### TASK DETAILS
Copy, from the listing, every line in which the string "OutDataTypeStr" is present.

### SUPPLIED ENTRIES
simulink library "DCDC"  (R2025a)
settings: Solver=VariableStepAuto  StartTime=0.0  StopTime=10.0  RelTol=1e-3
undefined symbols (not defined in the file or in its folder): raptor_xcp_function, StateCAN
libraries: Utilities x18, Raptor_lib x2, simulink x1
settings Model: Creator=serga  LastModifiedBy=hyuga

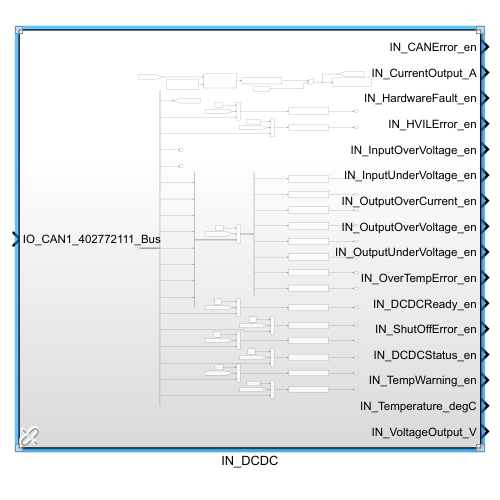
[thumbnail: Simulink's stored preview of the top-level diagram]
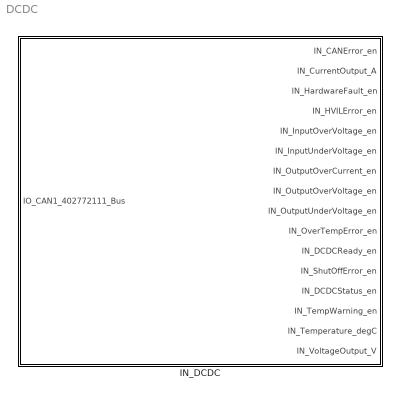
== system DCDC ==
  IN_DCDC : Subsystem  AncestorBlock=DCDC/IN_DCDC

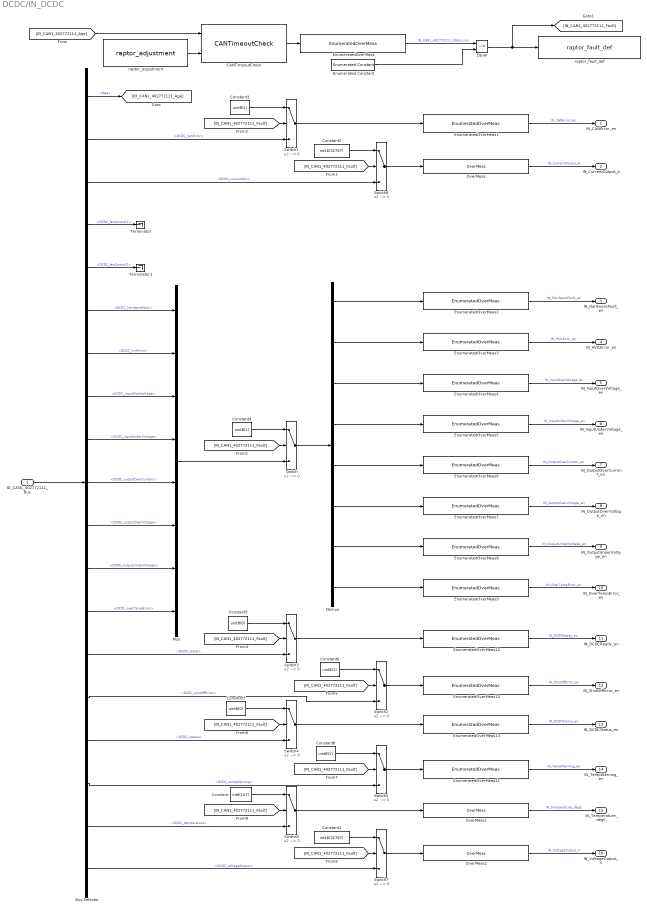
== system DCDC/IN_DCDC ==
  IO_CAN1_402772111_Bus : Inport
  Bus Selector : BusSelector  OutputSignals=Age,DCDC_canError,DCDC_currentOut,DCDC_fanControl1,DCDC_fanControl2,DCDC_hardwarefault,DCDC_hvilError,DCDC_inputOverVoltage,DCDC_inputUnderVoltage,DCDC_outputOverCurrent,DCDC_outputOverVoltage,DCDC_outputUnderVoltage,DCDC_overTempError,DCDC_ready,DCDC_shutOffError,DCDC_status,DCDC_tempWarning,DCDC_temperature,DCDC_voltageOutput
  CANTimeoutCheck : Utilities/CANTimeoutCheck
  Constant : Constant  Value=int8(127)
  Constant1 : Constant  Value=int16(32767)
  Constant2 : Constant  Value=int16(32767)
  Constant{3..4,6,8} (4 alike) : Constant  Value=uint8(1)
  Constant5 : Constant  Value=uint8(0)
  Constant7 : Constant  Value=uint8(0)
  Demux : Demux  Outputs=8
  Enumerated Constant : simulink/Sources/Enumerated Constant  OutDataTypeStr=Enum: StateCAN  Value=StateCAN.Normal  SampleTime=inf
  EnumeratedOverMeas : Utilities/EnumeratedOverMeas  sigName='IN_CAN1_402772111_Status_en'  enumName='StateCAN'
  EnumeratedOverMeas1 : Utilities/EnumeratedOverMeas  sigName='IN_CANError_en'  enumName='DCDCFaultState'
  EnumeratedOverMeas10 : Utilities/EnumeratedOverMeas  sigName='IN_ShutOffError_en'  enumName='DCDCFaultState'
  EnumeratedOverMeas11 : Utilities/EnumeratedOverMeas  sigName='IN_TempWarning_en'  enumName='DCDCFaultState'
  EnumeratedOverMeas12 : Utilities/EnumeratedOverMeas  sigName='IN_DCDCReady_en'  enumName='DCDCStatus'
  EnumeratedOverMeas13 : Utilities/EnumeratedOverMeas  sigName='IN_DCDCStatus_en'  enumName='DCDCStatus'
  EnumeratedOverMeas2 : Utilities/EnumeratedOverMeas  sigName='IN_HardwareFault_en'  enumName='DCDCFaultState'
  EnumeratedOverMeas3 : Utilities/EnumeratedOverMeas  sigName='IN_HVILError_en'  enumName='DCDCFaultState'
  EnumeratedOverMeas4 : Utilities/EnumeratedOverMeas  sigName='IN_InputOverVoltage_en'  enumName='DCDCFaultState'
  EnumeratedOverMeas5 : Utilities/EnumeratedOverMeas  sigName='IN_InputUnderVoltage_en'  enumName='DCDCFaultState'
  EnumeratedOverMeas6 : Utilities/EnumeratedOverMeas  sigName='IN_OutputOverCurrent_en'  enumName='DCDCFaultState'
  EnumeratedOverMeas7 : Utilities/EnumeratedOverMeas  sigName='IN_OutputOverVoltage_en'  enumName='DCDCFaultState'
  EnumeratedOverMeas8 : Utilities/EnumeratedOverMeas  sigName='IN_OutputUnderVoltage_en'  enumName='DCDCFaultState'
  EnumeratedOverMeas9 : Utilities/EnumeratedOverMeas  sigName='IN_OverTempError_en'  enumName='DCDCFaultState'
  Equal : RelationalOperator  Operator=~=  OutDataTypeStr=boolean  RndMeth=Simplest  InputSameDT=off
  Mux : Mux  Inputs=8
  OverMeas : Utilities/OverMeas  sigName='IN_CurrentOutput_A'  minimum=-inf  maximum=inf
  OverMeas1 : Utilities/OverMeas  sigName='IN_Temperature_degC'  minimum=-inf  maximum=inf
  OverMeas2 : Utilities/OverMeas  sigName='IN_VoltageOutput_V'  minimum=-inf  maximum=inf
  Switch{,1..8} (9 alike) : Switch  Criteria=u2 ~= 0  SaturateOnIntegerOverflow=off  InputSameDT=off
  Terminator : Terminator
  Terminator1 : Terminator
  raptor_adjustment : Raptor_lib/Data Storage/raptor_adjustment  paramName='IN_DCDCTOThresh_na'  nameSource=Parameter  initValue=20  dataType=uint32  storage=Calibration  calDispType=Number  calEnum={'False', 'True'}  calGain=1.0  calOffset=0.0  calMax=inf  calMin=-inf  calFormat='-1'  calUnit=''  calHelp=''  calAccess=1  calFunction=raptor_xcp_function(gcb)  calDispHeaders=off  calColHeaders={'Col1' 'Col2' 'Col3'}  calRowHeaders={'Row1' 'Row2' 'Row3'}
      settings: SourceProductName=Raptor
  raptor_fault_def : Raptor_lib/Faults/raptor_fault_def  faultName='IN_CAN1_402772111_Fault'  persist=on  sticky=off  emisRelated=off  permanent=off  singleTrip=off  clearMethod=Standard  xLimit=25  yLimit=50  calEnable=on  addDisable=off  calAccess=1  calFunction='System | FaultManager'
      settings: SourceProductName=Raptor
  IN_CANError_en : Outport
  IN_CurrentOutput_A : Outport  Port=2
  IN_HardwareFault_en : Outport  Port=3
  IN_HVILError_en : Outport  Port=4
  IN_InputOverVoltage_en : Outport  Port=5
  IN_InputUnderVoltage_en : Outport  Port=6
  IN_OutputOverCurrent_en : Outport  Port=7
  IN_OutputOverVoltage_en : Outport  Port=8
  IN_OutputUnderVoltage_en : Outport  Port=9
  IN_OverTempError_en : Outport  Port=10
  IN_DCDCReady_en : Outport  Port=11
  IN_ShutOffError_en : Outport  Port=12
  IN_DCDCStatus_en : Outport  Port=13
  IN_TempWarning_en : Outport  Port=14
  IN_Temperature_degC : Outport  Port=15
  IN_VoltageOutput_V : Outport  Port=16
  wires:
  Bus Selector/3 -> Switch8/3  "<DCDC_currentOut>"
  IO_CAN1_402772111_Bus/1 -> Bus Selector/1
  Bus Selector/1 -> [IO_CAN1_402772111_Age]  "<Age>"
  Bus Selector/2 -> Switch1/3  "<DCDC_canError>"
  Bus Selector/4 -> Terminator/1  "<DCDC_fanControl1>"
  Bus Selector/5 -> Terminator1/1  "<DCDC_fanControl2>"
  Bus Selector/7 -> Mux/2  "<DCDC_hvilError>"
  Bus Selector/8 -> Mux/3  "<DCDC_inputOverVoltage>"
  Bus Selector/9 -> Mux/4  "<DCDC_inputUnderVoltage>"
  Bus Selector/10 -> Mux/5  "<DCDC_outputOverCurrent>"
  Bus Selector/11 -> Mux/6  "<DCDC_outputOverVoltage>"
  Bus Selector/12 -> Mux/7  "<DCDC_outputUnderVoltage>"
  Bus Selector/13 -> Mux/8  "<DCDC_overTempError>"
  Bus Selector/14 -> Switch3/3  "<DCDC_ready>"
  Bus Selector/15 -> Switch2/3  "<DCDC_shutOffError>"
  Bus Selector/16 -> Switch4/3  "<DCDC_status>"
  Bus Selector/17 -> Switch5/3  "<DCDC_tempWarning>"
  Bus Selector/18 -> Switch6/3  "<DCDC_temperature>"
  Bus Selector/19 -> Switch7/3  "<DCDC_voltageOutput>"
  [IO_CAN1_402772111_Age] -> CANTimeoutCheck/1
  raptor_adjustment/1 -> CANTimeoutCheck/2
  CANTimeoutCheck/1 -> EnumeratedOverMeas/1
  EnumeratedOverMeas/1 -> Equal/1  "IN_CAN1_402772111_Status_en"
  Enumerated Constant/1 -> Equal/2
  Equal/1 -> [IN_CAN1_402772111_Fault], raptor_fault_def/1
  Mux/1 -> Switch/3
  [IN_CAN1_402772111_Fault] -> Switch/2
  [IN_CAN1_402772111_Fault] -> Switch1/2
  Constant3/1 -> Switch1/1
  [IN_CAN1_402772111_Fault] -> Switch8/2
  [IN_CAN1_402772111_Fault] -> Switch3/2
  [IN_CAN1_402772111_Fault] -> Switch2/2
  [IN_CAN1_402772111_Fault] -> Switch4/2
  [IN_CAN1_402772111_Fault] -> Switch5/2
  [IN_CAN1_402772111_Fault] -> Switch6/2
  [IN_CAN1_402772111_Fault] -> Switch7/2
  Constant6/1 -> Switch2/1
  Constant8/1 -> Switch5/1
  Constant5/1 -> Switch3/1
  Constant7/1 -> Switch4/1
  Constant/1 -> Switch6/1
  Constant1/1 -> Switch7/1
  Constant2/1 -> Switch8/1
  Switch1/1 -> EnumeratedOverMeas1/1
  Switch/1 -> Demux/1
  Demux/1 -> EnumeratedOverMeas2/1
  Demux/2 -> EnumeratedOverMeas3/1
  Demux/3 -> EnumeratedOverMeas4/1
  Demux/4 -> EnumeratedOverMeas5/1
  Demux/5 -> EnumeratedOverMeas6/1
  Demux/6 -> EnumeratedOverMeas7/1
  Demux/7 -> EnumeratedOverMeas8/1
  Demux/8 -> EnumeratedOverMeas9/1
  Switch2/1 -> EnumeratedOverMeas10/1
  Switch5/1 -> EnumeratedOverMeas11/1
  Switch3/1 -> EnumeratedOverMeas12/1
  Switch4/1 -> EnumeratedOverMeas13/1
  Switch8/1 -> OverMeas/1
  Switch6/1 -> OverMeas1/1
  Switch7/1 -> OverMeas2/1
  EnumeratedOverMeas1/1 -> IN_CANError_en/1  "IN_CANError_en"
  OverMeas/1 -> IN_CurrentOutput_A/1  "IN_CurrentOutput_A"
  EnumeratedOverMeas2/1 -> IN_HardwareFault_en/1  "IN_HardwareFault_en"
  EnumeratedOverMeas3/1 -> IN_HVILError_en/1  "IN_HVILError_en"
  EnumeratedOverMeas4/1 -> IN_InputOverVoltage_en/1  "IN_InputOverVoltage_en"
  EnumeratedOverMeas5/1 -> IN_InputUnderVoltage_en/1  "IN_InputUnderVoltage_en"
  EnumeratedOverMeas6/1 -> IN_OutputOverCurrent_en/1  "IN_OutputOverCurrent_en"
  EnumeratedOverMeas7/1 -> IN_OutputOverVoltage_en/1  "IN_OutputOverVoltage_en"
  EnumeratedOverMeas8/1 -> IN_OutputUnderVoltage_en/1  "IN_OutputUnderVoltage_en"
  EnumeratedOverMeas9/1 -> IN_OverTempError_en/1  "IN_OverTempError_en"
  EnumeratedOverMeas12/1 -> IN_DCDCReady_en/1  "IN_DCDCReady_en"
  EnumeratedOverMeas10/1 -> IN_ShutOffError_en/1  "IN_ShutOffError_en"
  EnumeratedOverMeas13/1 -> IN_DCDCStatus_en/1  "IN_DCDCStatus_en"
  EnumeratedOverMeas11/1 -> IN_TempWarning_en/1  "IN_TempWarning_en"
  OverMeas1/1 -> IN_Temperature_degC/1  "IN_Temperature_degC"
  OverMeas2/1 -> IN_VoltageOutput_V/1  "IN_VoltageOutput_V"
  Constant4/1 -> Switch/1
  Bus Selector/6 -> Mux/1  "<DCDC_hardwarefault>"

### SOLUTION FOR THIS PROBLEM
  Enumerated Constant : simulink/Sources/Enumerated Constant  OutDataTypeStr=Enum: StateCAN  Value=StateCAN.Normal  SampleTime=inf
  Equal : RelationalOperator  Operator=~=  OutDataTypeStr=boolean  RndMeth=Simplest  InputSameDT=off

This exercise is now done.